RECORDS FOR THIS TASK:
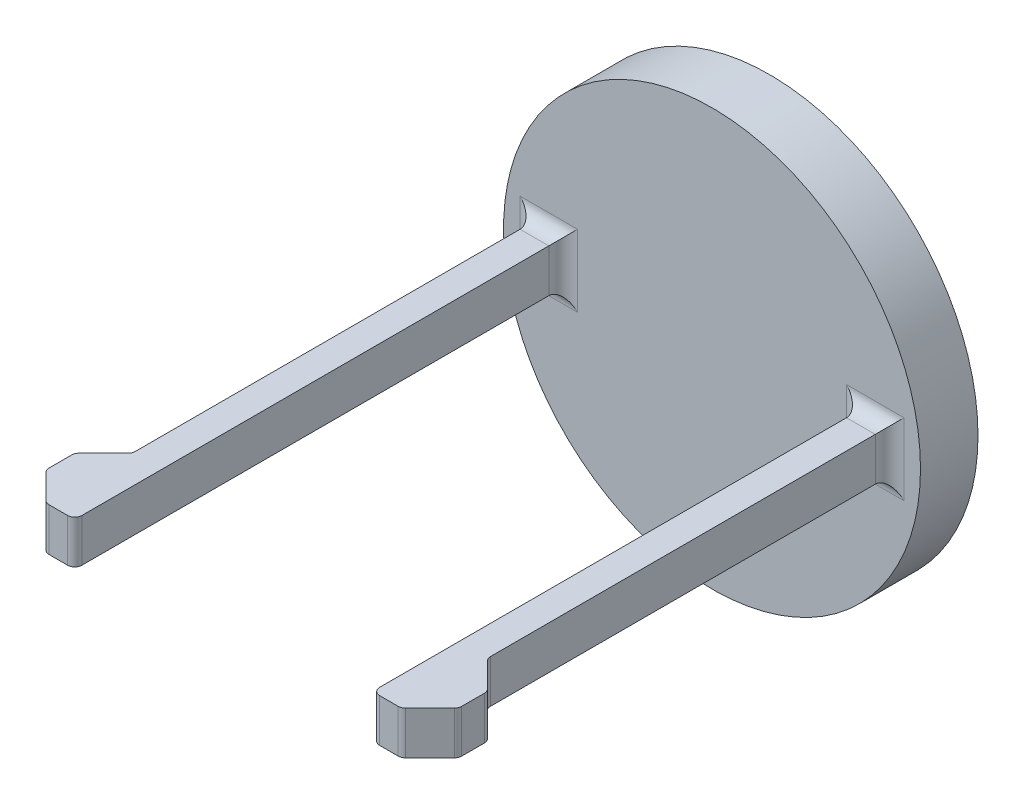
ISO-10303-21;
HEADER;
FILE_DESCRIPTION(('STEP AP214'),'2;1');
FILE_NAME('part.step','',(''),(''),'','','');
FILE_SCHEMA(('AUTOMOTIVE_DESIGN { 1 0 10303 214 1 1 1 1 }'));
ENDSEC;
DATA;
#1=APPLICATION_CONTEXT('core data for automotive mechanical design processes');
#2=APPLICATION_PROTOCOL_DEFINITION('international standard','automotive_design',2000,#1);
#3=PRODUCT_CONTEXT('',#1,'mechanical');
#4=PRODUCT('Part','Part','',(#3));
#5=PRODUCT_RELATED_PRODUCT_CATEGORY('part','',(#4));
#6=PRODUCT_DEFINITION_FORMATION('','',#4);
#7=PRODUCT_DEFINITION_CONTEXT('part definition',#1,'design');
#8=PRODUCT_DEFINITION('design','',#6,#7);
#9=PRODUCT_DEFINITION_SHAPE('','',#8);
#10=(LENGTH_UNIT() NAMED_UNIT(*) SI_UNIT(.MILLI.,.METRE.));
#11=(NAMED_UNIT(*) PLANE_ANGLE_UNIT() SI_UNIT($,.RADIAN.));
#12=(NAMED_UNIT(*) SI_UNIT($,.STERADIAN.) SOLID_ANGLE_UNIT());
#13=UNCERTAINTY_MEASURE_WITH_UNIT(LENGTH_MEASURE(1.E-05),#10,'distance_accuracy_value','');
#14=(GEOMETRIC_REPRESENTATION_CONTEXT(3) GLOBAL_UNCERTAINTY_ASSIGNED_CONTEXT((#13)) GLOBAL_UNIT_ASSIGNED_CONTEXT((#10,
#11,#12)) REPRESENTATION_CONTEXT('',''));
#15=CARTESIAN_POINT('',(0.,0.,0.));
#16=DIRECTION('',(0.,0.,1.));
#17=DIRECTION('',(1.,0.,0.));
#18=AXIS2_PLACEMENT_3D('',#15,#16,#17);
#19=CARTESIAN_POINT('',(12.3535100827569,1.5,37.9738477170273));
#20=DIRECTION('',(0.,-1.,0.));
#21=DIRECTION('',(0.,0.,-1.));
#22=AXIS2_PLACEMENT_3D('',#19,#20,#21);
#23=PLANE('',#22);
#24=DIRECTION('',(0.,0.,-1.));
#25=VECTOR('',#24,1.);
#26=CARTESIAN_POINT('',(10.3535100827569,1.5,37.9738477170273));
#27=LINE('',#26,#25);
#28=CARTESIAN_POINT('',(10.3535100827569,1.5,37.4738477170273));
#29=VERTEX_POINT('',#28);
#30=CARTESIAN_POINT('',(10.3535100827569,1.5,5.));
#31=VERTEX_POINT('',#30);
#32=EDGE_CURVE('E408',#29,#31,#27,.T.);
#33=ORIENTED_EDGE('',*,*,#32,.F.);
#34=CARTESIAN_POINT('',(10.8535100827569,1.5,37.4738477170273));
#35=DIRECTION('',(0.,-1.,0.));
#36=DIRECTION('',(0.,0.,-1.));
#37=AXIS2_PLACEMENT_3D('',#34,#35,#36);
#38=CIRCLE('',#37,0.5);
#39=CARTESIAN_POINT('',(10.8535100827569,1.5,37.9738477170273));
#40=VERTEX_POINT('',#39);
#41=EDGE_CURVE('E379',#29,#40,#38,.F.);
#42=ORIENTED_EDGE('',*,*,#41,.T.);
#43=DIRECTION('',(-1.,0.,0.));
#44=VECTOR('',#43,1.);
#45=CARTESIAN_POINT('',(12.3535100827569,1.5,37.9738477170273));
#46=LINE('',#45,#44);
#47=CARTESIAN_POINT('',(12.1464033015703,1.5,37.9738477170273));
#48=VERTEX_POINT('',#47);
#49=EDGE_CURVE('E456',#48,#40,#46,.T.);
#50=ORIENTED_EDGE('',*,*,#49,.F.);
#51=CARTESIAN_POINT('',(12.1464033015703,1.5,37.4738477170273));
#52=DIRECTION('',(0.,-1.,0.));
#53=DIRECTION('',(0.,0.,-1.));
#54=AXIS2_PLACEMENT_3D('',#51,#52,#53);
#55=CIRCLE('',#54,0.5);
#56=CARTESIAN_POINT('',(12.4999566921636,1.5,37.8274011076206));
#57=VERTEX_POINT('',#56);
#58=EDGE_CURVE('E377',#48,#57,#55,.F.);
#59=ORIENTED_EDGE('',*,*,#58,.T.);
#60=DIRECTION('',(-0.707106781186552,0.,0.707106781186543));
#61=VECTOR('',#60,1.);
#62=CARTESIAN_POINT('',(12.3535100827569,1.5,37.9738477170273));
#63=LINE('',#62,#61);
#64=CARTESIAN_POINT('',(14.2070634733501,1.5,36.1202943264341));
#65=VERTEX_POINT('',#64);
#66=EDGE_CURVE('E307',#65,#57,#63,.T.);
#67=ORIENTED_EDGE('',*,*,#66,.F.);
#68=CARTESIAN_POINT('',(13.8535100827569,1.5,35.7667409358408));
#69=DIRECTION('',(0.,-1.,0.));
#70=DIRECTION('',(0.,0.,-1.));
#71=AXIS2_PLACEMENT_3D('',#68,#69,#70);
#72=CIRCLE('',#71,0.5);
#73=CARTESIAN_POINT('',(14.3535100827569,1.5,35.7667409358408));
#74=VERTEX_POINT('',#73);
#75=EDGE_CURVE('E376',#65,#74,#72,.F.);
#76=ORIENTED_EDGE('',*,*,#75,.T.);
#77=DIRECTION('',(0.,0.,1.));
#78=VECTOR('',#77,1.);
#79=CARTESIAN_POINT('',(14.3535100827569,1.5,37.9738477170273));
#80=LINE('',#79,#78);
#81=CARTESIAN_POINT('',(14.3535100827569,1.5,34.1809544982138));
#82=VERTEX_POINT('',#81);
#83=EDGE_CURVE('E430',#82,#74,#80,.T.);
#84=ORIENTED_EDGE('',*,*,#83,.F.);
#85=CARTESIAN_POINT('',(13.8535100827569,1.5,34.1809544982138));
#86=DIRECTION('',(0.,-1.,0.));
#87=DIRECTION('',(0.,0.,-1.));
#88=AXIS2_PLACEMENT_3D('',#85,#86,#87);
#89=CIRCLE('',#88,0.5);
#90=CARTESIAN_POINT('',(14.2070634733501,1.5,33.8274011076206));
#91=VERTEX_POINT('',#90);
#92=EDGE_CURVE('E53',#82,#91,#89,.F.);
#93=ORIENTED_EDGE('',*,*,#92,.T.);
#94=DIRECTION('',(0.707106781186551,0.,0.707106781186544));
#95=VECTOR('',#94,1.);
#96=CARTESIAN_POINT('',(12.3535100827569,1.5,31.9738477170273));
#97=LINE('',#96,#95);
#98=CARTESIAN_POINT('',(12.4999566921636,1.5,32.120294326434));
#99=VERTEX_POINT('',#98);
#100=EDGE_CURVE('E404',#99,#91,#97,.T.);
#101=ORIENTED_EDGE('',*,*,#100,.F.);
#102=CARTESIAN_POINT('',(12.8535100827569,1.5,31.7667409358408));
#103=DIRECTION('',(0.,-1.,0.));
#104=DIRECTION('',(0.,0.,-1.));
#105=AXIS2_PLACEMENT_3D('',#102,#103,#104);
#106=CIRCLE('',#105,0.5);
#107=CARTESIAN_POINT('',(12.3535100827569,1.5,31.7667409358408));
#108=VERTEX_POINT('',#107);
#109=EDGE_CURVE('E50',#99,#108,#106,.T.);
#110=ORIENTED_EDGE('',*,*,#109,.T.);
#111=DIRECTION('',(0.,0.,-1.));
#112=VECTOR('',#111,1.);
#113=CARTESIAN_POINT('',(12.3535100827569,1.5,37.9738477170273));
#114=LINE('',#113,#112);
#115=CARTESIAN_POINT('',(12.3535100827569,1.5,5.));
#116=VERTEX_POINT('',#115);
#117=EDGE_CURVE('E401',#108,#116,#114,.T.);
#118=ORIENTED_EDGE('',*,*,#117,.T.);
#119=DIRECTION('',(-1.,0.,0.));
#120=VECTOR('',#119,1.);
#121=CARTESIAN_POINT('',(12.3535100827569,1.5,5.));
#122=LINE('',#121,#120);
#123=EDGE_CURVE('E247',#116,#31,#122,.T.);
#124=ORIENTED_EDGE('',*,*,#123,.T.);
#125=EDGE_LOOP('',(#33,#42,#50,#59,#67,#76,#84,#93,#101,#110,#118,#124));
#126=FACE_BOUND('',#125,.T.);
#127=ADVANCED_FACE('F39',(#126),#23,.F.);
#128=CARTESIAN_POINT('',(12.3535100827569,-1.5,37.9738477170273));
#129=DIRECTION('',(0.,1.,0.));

TO DO: "#33=ORIENTED_EDGE('',*,*,#32,.F.);" marks the last line to keep. Retype every line from the start of the entries through that one, exactly, and drop the pictures.

REPLY TO THE TASK:
ISO-10303-21;
HEADER;
FILE_DESCRIPTION(('STEP AP214'),'2;1');
FILE_NAME('part.step','',(''),(''),'','','');
FILE_SCHEMA(('AUTOMOTIVE_DESIGN { 1 0 10303 214 1 1 1 1 }'));
ENDSEC;
DATA;
#1=APPLICATION_CONTEXT('core data for automotive mechanical design processes');
#2=APPLICATION_PROTOCOL_DEFINITION('international standard','automotive_design',2000,#1);
#3=PRODUCT_CONTEXT('',#1,'mechanical');
#4=PRODUCT('Part','Part','',(#3));
#5=PRODUCT_RELATED_PRODUCT_CATEGORY('part','',(#4));
#6=PRODUCT_DEFINITION_FORMATION('','',#4);
#7=PRODUCT_DEFINITION_CONTEXT('part definition',#1,'design');
#8=PRODUCT_DEFINITION('design','',#6,#7);
#9=PRODUCT_DEFINITION_SHAPE('','',#8);
#10=(LENGTH_UNIT() NAMED_UNIT(*) SI_UNIT(.MILLI.,.METRE.));
#11=(NAMED_UNIT(*) PLANE_ANGLE_UNIT() SI_UNIT($,.RADIAN.));
#12=(NAMED_UNIT(*) SI_UNIT($,.STERADIAN.) SOLID_ANGLE_UNIT());
#13=UNCERTAINTY_MEASURE_WITH_UNIT(LENGTH_MEASURE(1.E-05),#10,'distance_accuracy_value','');
#14=(GEOMETRIC_REPRESENTATION_CONTEXT(3) GLOBAL_UNCERTAINTY_ASSIGNED_CONTEXT((#13)) GLOBAL_UNIT_ASSIGNED_CONTEXT((#10,
#11,#12)) REPRESENTATION_CONTEXT('',''));
#15=CARTESIAN_POINT('',(0.,0.,0.));
#16=DIRECTION('',(0.,0.,1.));
#17=DIRECTION('',(1.,0.,0.));
#18=AXIS2_PLACEMENT_3D('',#15,#16,#17);
#19=CARTESIAN_POINT('',(12.3535100827569,1.5,37.9738477170273));
#20=DIRECTION('',(0.,-1.,0.));
#21=DIRECTION('',(0.,0.,-1.));
#22=AXIS2_PLACEMENT_3D('',#19,#20,#21);
#23=PLANE('',#22);
#24=DIRECTION('',(0.,0.,-1.));
#25=VECTOR('',#24,1.);
#26=CARTESIAN_POINT('',(10.3535100827569,1.5,37.9738477170273));
#27=LINE('',#26,#25);
#28=CARTESIAN_POINT('',(10.3535100827569,1.5,37.4738477170273));
#29=VERTEX_POINT('',#28);
#30=CARTESIAN_POINT('',(10.3535100827569,1.5,5.));
#31=VERTEX_POINT('',#30);
#32=EDGE_CURVE('E408',#29,#31,#27,.T.);
#33=ORIENTED_EDGE('',*,*,#32,.F.);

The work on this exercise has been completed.